[Opening Source material section]
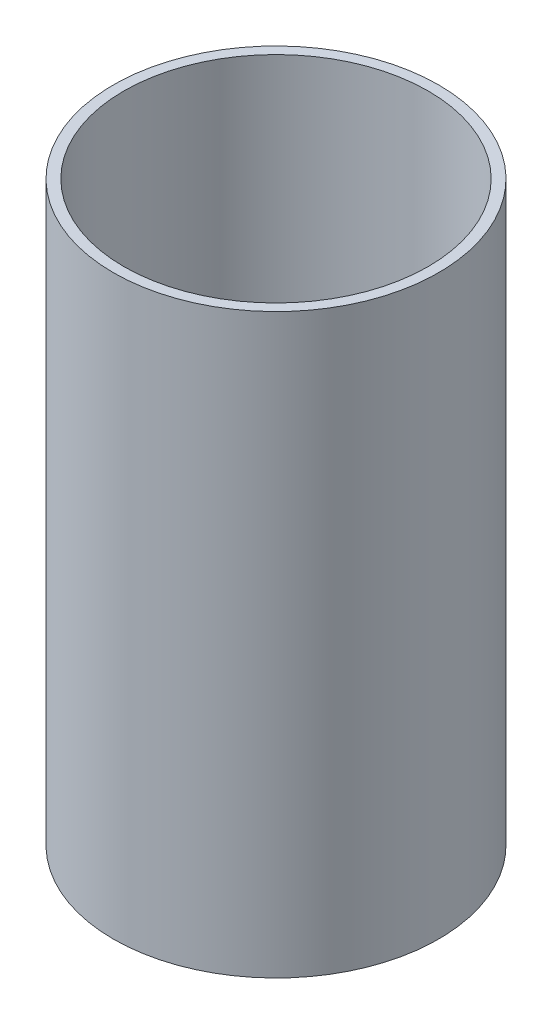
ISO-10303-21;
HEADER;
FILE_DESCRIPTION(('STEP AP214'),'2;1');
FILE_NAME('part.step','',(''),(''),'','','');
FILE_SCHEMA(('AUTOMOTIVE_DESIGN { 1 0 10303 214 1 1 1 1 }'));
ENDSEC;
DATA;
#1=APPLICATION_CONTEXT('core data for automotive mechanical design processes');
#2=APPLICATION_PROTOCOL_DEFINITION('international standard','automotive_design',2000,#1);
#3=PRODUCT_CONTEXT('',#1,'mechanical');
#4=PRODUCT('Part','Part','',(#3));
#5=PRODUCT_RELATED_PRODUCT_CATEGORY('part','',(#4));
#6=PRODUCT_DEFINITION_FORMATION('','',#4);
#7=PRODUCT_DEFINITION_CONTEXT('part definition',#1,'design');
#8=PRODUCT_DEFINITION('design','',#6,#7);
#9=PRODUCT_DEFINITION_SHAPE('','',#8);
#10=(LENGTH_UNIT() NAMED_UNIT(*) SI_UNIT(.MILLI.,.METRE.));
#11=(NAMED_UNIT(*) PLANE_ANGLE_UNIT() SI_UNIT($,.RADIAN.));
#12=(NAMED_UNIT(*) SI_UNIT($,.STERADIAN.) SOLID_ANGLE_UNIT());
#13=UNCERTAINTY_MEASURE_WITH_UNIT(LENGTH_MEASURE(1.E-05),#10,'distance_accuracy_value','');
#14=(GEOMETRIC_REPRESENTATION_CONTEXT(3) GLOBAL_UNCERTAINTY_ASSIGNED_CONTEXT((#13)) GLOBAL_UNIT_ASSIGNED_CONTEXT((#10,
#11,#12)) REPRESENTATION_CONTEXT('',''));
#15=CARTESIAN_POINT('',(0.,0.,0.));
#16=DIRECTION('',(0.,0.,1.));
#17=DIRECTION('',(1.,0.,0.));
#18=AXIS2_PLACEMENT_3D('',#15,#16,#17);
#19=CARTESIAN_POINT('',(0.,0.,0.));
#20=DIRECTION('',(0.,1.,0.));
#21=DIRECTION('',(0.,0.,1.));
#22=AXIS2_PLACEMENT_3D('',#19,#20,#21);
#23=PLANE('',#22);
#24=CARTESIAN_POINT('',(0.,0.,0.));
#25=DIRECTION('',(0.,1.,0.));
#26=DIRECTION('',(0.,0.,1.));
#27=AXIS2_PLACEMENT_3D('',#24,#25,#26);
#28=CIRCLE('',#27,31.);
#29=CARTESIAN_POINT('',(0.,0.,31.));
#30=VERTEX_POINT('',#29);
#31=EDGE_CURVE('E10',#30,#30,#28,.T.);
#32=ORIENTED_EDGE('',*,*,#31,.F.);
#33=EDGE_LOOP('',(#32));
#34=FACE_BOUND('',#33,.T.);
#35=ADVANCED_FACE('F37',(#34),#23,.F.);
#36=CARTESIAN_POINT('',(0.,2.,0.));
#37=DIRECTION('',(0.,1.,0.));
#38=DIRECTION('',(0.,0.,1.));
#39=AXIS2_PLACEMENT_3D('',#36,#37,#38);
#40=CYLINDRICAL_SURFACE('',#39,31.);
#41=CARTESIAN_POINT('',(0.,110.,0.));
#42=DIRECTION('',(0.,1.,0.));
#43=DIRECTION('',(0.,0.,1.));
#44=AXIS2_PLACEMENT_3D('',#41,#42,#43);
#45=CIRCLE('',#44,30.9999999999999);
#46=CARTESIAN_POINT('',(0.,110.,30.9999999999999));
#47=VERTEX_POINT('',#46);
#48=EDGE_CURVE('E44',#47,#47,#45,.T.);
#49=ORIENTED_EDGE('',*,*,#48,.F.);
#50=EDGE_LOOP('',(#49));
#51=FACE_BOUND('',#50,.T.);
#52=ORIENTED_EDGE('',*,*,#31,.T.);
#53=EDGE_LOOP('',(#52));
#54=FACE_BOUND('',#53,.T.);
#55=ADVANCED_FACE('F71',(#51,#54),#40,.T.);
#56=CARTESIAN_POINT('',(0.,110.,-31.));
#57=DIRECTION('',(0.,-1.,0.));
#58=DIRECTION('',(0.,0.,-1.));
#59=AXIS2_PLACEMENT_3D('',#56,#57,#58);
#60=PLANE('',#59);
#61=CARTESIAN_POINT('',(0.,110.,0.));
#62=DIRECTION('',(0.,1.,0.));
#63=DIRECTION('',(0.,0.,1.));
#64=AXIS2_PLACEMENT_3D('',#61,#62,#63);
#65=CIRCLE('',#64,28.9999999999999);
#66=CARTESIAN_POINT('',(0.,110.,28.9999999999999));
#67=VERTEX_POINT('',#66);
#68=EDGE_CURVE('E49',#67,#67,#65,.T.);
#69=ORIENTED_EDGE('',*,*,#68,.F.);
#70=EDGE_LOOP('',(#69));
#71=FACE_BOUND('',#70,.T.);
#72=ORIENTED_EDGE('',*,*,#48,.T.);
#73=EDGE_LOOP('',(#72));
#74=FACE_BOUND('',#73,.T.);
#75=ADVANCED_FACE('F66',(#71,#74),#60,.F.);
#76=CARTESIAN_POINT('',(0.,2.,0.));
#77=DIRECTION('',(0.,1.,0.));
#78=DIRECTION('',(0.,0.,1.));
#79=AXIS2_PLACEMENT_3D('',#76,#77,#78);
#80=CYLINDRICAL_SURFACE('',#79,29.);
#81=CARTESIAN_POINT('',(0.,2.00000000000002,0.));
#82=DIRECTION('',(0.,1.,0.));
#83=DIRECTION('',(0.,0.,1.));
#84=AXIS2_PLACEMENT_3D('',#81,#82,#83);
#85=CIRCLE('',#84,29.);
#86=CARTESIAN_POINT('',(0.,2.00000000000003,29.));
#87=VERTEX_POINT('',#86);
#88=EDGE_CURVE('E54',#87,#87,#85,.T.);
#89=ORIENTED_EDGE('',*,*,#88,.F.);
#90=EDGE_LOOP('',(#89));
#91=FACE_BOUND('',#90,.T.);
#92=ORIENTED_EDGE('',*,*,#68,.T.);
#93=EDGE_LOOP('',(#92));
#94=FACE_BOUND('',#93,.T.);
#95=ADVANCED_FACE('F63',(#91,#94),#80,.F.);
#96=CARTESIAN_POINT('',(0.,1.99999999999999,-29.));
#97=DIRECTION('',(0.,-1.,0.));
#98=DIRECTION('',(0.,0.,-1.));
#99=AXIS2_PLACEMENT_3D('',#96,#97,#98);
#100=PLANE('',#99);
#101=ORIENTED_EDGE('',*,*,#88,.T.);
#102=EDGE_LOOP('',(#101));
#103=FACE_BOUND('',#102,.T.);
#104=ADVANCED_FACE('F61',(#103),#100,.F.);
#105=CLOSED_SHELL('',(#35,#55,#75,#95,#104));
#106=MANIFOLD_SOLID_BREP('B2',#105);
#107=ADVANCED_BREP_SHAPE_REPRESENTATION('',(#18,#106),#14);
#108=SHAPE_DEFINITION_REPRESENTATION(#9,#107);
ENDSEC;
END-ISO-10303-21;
[Closing Source material section]
Work to be completed
Copy each line above precisely, dropping the pictures.

Finished exercise
ISO-10303-21;
HEADER;
FILE_DESCRIPTION(('STEP AP214'),'2;1');
FILE_NAME('part.step','',(''),(''),'','','');
FILE_SCHEMA(('AUTOMOTIVE_DESIGN { 1 0 10303 214 1 1 1 1 }'));
ENDSEC;
DATA;
#1=APPLICATION_CONTEXT('core data for automotive mechanical design processes');
#2=APPLICATION_PROTOCOL_DEFINITION('international standard','automotive_design',2000,#1);
#3=PRODUCT_CONTEXT('',#1,'mechanical');
#4=PRODUCT('Part','Part','',(#3));
#5=PRODUCT_RELATED_PRODUCT_CATEGORY('part','',(#4));
#6=PRODUCT_DEFINITION_FORMATION('','',#4);
#7=PRODUCT_DEFINITION_CONTEXT('part definition',#1,'design');
#8=PRODUCT_DEFINITION('design','',#6,#7);
#9=PRODUCT_DEFINITION_SHAPE('','',#8);
#10=(LENGTH_UNIT() NAMED_UNIT(*) SI_UNIT(.MILLI.,.METRE.));
#11=(NAMED_UNIT(*) PLANE_ANGLE_UNIT() SI_UNIT($,.RADIAN.));
#12=(NAMED_UNIT(*) SI_UNIT($,.STERADIAN.) SOLID_ANGLE_UNIT());
#13=UNCERTAINTY_MEASURE_WITH_UNIT(LENGTH_MEASURE(1.E-05),#10,'distance_accuracy_value','');
#14=(GEOMETRIC_REPRESENTATION_CONTEXT(3) GLOBAL_UNCERTAINTY_ASSIGNED_CONTEXT((#13)) GLOBAL_UNIT_ASSIGNED_CONTEXT((#10,
#11,#12)) REPRESENTATION_CONTEXT('',''));
#15=CARTESIAN_POINT('',(0.,0.,0.));
#16=DIRECTION('',(0.,0.,1.));
#17=DIRECTION('',(1.,0.,0.));
#18=AXIS2_PLACEMENT_3D('',#15,#16,#17);
#19=CARTESIAN_POINT('',(0.,0.,0.));
#20=DIRECTION('',(0.,1.,0.));
#21=DIRECTION('',(0.,0.,1.));
#22=AXIS2_PLACEMENT_3D('',#19,#20,#21);
#23=PLANE('',#22);
#24=CARTESIAN_POINT('',(0.,0.,0.));
#25=DIRECTION('',(0.,1.,0.));
#26=DIRECTION('',(0.,0.,1.));
#27=AXIS2_PLACEMENT_3D('',#24,#25,#26);
#28=CIRCLE('',#27,31.);
#29=CARTESIAN_POINT('',(0.,0.,31.));
#30=VERTEX_POINT('',#29);
#31=EDGE_CURVE('E10',#30,#30,#28,.T.);
#32=ORIENTED_EDGE('',*,*,#31,.F.);
#33=EDGE_LOOP('',(#32));
#34=FACE_BOUND('',#33,.T.);
#35=ADVANCED_FACE('F37',(#34),#23,.F.);
#36=CARTESIAN_POINT('',(0.,2.,0.));
#37=DIRECTION('',(0.,1.,0.));
#38=DIRECTION('',(0.,0.,1.));
#39=AXIS2_PLACEMENT_3D('',#36,#37,#38);
#40=CYLINDRICAL_SURFACE('',#39,31.);
#41=CARTESIAN_POINT('',(0.,110.,0.));
#42=DIRECTION('',(0.,1.,0.));
#43=DIRECTION('',(0.,0.,1.));
#44=AXIS2_PLACEMENT_3D('',#41,#42,#43);
#45=CIRCLE('',#44,30.9999999999999);
#46=CARTESIAN_POINT('',(0.,110.,30.9999999999999));
#47=VERTEX_POINT('',#46);
#48=EDGE_CURVE('E44',#47,#47,#45,.T.);
#49=ORIENTED_EDGE('',*,*,#48,.F.);
#50=EDGE_LOOP('',(#49));
#51=FACE_BOUND('',#50,.T.);
#52=ORIENTED_EDGE('',*,*,#31,.T.);
#53=EDGE_LOOP('',(#52));
#54=FACE_BOUND('',#53,.T.);
#55=ADVANCED_FACE('F71',(#51,#54),#40,.T.);
#56=CARTESIAN_POINT('',(0.,110.,-31.));
#57=DIRECTION('',(0.,-1.,0.));
#58=DIRECTION('',(0.,0.,-1.));
#59=AXIS2_PLACEMENT_3D('',#56,#57,#58);
#60=PLANE('',#59);
#61=CARTESIAN_POINT('',(0.,110.,0.));
#62=DIRECTION('',(0.,1.,0.));
#63=DIRECTION('',(0.,0.,1.));
#64=AXIS2_PLACEMENT_3D('',#61,#62,#63);
#65=CIRCLE('',#64,28.9999999999999);
#66=CARTESIAN_POINT('',(0.,110.,28.9999999999999));
#67=VERTEX_POINT('',#66);
#68=EDGE_CURVE('E49',#67,#67,#65,.T.);
#69=ORIENTED_EDGE('',*,*,#68,.F.);
#70=EDGE_LOOP('',(#69));
#71=FACE_BOUND('',#70,.T.);
#72=ORIENTED_EDGE('',*,*,#48,.T.);
#73=EDGE_LOOP('',(#72));
#74=FACE_BOUND('',#73,.T.);
#75=ADVANCED_FACE('F66',(#71,#74),#60,.F.);
#76=CARTESIAN_POINT('',(0.,2.,0.));
#77=DIRECTION('',(0.,1.,0.));
#78=DIRECTION('',(0.,0.,1.));
#79=AXIS2_PLACEMENT_3D('',#76,#77,#78);
#80=CYLINDRICAL_SURFACE('',#79,29.);
#81=CARTESIAN_POINT('',(0.,2.00000000000002,0.));
#82=DIRECTION('',(0.,1.,0.));
#83=DIRECTION('',(0.,0.,1.));
#84=AXIS2_PLACEMENT_3D('',#81,#82,#83);
#85=CIRCLE('',#84,29.);
#86=CARTESIAN_POINT('',(0.,2.00000000000003,29.));
#87=VERTEX_POINT('',#86);
#88=EDGE_CURVE('E54',#87,#87,#85,.T.);
#89=ORIENTED_EDGE('',*,*,#88,.F.);
#90=EDGE_LOOP('',(#89));
#91=FACE_BOUND('',#90,.T.);
#92=ORIENTED_EDGE('',*,*,#68,.T.);
#93=EDGE_LOOP('',(#92));
#94=FACE_BOUND('',#93,.T.);
#95=ADVANCED_FACE('F63',(#91,#94),#80,.F.);
#96=CARTESIAN_POINT('',(0.,1.99999999999999,-29.));
#97=DIRECTION('',(0.,-1.,0.));
#98=DIRECTION('',(0.,0.,-1.));
#99=AXIS2_PLACEMENT_3D('',#96,#97,#98);
#100=PLANE('',#99);
#101=ORIENTED_EDGE('',*,*,#88,.T.);
#102=EDGE_LOOP('',(#101));
#103=FACE_BOUND('',#102,.T.);
#104=ADVANCED_FACE('F61',(#103),#100,.F.);
#105=CLOSED_SHELL('',(#35,#55,#75,#95,#104));
#106=MANIFOLD_SOLID_BREP('B2',#105);
#107=ADVANCED_BREP_SHAPE_REPRESENTATION('',(#18,#106),#14);
#108=SHAPE_DEFINITION_REPRESENTATION(#9,#107);
ENDSEC;
END-ISO-10303-21;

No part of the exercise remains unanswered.